5 Tips for Starting a Creative Habit and Sharing Your Work
I was talking to a friend recently about the difficulty of shipping: putting our creative work out into the world.
My friend is a polymath, whip-smart and good at pretty much everything. This person is capable of making an interesting artistic statement in, like, four different mediums.
But the fear of shipping is universal.
I know a thing or two about it. In college, I failed British Romantic Literature because I couldn’t stand the thought of handing in a paper that wasn’t my best work, and the task of producing a paper that was my best work was so intimidating that I couldn’t get started. I mean, you try writing ten great pages on Samuel Taylor Coleridge. It’s hard! Playing Grand Theft Auto was much easier.
In fact, I was bad at shipping until I did something very simple:
I started a blog and began telling everyone I was going to publish two posts a week.
I’m not the best writer, that’s for sure, and some posts are better than others. But I have learned to ship without fail.
If you’re interested in writing, making music, drawing, painting, crocheting, coding, or some other creative enterprise, here are five tips for establishing a creative habit and pushing through the fear to share your work with the world.
1. Start with what you know
The old adage applies to every field of creative work:
Write what you know.
I can hear your objections now, because they echo mine.
“But everything I know is super basic! There are already 10,000 bloggers/singer-songwriters/poets/graphic designers/web app developers doing exactly what I want to do. My work would just be redundant.”
Everyone feels this way, but we have no other choice. The only other option is to make affected, inauthentic art, and this fools no one. Least of all ourselves.
Write/record/design what you know. If you do, very soon you’ll know more and the scope of your work will expand accordingly. Rinse and repeat.
2. Start where you are
Man, sometimes it takes you a long time to sound like yourself. — Miles Davis
Don’t try to make great art all at once. The road to greatness is very long. Here’s the key most people miss:
You must start sharing your work before your work is worth sharing.
But even if you do both of these things (start with what you know and start where you are), you’re likely to run into yet another problem: your finished work feels unoriginal and derivative.
This. Is. Normal.
I’d love to give you my thoughts on this, but two of my idols have said it better than I ever could. Here are their thoughts instead.
Do not be afraid to copy someone’s style. It is through this process that we begin to develop our own. — Phil Smith, longtime principal trumpet, New York Philharmonic (from the intro to his CD Orchestral Excerpts for Trumpet)
Seth Godin puts it even better in What to Do When It’s Your Turn:
We seek out the safe harbor of being completely original as another place to hide, because it’s impossible to be original. So, when we see a competitor or someone who has done something remotely like our work, we stop. Too late, this one is taken.
There are countless varieties of original, productive work, and all of them are based on something that has been done before. Your recombination, your generous reshuffling of what we already have, is the first step on the way to producing work that matters to us. Steal, give credit and ship . . .

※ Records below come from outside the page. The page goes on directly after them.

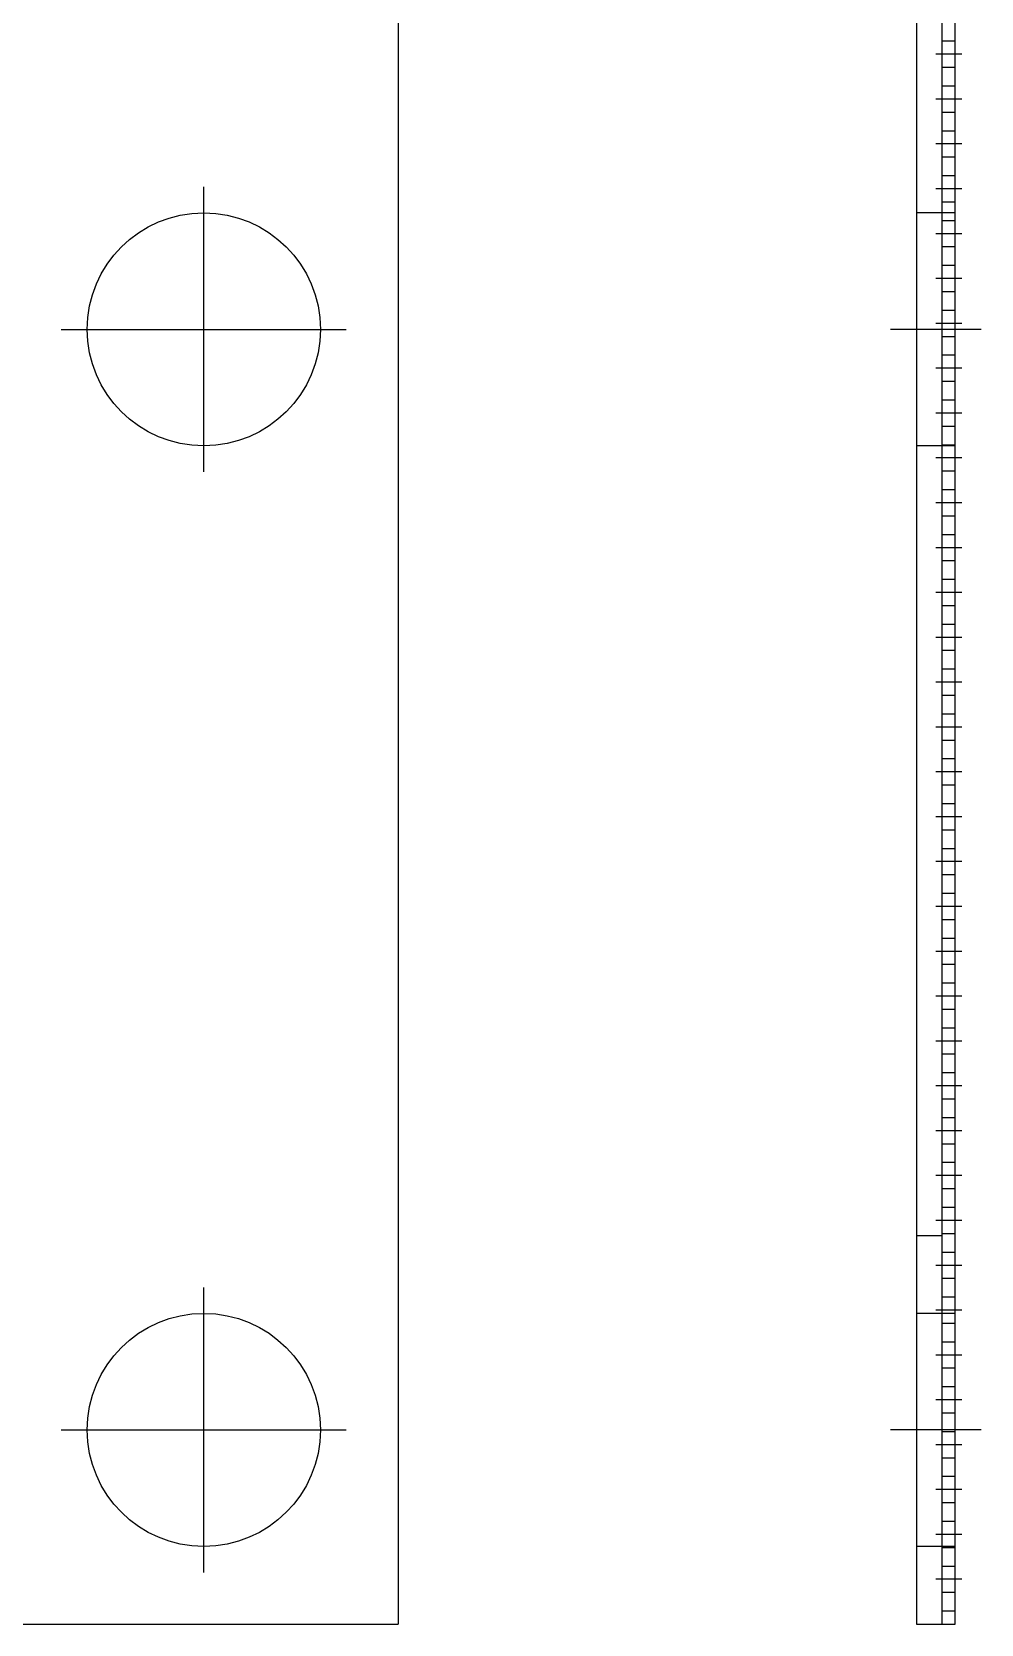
# Model space of a CAD drawing. Extents: x 0 to 172, y -8 to 133.
# Drawn here: x 135.9 to 172.5, y 10 to 71.5 of the extents above; entities that cross this region are included whole.
import ezdxf

# ---------------------------------------------------------------- set-up
doc = ezdxf.new("R2010")
doc.units = 0
doc.header["$LTSCALE"] = 0.5
doc.linetypes.add('CENTER', pattern=[50.8, 31.75, -6.35, 6.35, -6.35])
doc.linetypes.add('DASHED', pattern=[19.05, 12.7, -6.35])
for name, color, linetype in [('MSM_CENTER', 1, 'CENTER'), ('MSM_CONTINUOUS', 7, 'CONTINUOUS'), ('MSM_DASHED', 4, 'DASHED')]:
    doc.layers.add(name, color=color, linetype=linetype)

msp = doc.modelspace()

# ---------------------------------------------------------------- linework, layer by layer
at = {"layer": 'MSM_CENTER'}
for p, q in [((171.75, 70.622), (170.75, 70.622)), ((171.75, 68.89), (170.75, 68.89)), ((171.75, 67.158), (170.75, 67.158)), ((142.5, 54.5), (142.5, 65.5)), ((171.75, 65.426), (170.75, 65.426)), ((171.75, 63.694), (170.75, 63.694)), ((171.75, 61.962), (170.75, 61.962)), ((137, 60), (148, 60)), ((172.5, 60), (169, 60)), ((171.75, 60.229), (170.75, 60.229)), ((171.75, 58.497), (170.75, 58.497)), ((171.75, 56.765), (170.75, 56.765)), ((171.75, 55.033), (170.75, 55.033)), ((171.75, 53.301), (170.75, 53.301)), ((171.75, 51.569), (170.75, 51.569)), ((171.75, 49.837), (170.75, 49.837)), ((171.75, 48.105), (170.75, 48.105)), ((171.75, 46.373), (170.75, 46.373)), ((171.75, 44.641), (170.75, 44.641)), ((171.75, 42.909), (170.75, 42.909)), ((171.75, 41.177), (170.75, 41.177)), ((171.75, 39.445), (170.75, 39.445)), ((171.75, 37.713), (170.75, 37.713)), ((171.75, 35.981), (170.75, 35.981)), ((171.75, 34.249), (170.75, 34.249)), ((171.75, 32.517), (170.75, 32.517)), ((171.75, 30.785), (170.75, 30.785)), ((171.75, 29.053), (170.75, 29.053)), ((171.75, 27.321), (170.75, 27.321)), ((171.75, 25.588), (170.75, 25.588)), ((171.75, 23.856), (170.75, 23.856)), ((142.5, 12), (142.5, 23)), ((171.75, 22.124), (170.75, 22.124)), ((171.75, 20.392), (170.75, 20.392)), ((171.75, 18.66), (170.75, 18.66)), ((137, 17.5), (148, 17.5)), ((172.5, 17.5), (169, 17.5)), ((171.75, 16.928), (170.75, 16.928)), ((171.75, 15.196), (170.75, 15.196)), ((171.75, 13.464), (170.75, 13.464)), ((171.75, 11.732), (170.75, 11.732))]:
    msp.add_line(p, q, dxfattribs=at)
at = {"layer": 'MSM_CONTINUOUS'}
for p, q in [((150, 110), (150, 10)), ((170, 110), (170, 10)), ((171, 10), (171, 110)), ((171.5, 10), (171.5, 110)), ((0, 10), (150, 10)), ((170, 10), (171.5, 10))]:
    msp.add_line(p, q, dxfattribs=at)
for centre in [(142.5, 60), (142.5, 17.5)]:
    msp.add_circle(centre, 4.5, dxfattribs=at)
at = {"layer": 'MSM_DASHED'}
for p, q in [((171.5, 71.122), (171, 71.122)), ((171, 70.122), (171.5, 70.122)), ((171.5, 69.39), (171, 69.39)), ((171, 68.39), (171.5, 68.39)), ((171.5, 67.658), (171, 67.658)), ((171, 66.658), (171.5, 66.658)), ((171.5, 65.926), (171, 65.926)), ((171, 64.926), (171.5, 64.926)), ((171.5, 64.5), (170, 64.5)), ((171.5, 64.194), (171, 64.194)), ((171, 63.194), (171.5, 63.194)), ((171.5, 62.462), (171, 62.462)), ((171, 61.462), (171.5, 61.462)), ((171.5, 60.729), (171, 60.729)), ((171, 59.729), (171.5, 59.729)), ((171.5, 58.997), (171, 58.997)), ((171, 57.997), (171.5, 57.997)), ((171.5, 57.265), (171, 57.265)), ((171, 56.265), (171.5, 56.265)), ((171.5, 55.5), (170, 55.5)), ((171.5, 55.533), (171, 55.533)), ((171, 54.533), (171.5, 54.533)), ((171.5, 53.801), (171, 53.801)), ((171, 52.801), (171.5, 52.801)), ((171.5, 52.069), (171, 52.069)), ((171, 51.069), (171.5, 51.069)), ((171.5, 50.337), (171, 50.337)), ((171, 49.337), (171.5, 49.337)), ((171.5, 48.605), (171, 48.605)), ((171, 47.605), (171.5, 47.605)), ((171.5, 46.873), (171, 46.873)), ((171, 45.873), (171.5, 45.873)), ((171.5, 45.141), (171, 45.141)), ((171, 44.141), (171.5, 44.141)), ((171.5, 43.409), (171, 43.409)), ((171, 42.409), (171.5, 42.409)), ((171.5, 41.677), (171, 41.677)), ((171, 40.677), (171.5, 40.677)), ((171.5, 39.945), (171, 39.945)), ((171, 38.945), (171.5, 38.945)), ((171.5, 38.213), (171, 38.213)), ((171, 37.213), (171.5, 37.213)), ((171.5, 36.481), (171, 36.481)), ((171, 35.481), (171.5, 35.481)), ((171.5, 34.749), (171, 34.749)), ((171, 33.749), (171.5, 33.749)), ((171.5, 33.017), (171, 33.017)), ((171, 32.017), (171.5, 32.017)), ((171.5, 31.285), (171, 31.285)), ((171, 30.285), (171.5, 30.285)), ((171.5, 29.553), (171, 29.553)), ((171, 28.553), (171.5, 28.553)), ((171.5, 27.821), (171, 27.821)), ((171, 26.821), (171.5, 26.821)), ((171.5, 26.088), (171, 26.088)), ((171, 25), (170, 25)), ((171, 25.088), (171.5, 25.088)), ((171.5, 24.356), (171, 24.356)), ((171, 23.356), (171.5, 23.356)), ((171.5, 22.624), (171, 22.624)), ((171.5, 22), (170, 22)), ((171, 21.624), (171.5, 21.624)), ((171.5, 20.892), (171, 20.892)), ((171, 19.892), (171.5, 19.892)), ((171.5, 19.16), (171, 19.16)), ((171, 18.16), (171.5, 18.16)), ((171.5, 17.428), (171, 17.428)), ((171, 16.428), (171.5, 16.428)), ((171.5, 15.696), (171, 15.696)), ((171, 14.696), (171.5, 14.696)), ((171.5, 13.964), (171, 13.964)), ((171.5, 13), (170, 13)), ((171, 12.964), (171.5, 12.964)), ((171.5, 12.232), (171, 12.232)), ((171, 11.232), (171.5, 11.232)), ((171.5, 10.5), (171, 10.5))]:
    msp.add_line(p, q, dxfattribs=at)

doc.saveas('drawing.dxf')

Remember, we’re not trying to write War and Peace or even Zen Habits. We’re trying to routinely overcome the fear of shipping, of putting our creative work out into the world. The art doesn’t have to be good, not at first. If you ship routinely, your work will slowly get better (and more importantly, slowly become yours).
3. Start anonymously
I think everyone should have a blog. I don’t think everyone needs to have a blog with their name on it.
One of my favorite blogs, Frugalwoods, was started anonymously. Many writers use a pen name, and musicians release music under other names all the time. A lot of great creative work is posted anonymously on reddit, CodePen, and a zillion other sites. Getting credit really isn’t the point.
If it helps you to leave your name off, by all means leave it off!
4. Start with defined terms
Set the bar low if you want, but make sure there’s a bar.
- One blog post a day for a week.
- One blog post a week for a month.
- One song posted on Soundcloud two weeks from today.
- One WordPress plugin 3 months from today.
Here’s another crucial step: Tell someone you trust about the bar you just set. Accountability is a powerful tool, and it’s free.
5. Start now
There will never be a perfect time.
Since the fear of shipping never goes away, our only option is to repeatedly overcome the fear, in small ways at first. When we do this, three things happen:
- We get a tiny bit better at overcoming our fear of shipping
- We get a tiny bit better at our craft
- Because of 1 and 2, we are likely to ship something slightly better next time.
This is how you build a creative habit. It is not easy, but it is worth it.
If you’re not creating (and shipping what you create), start.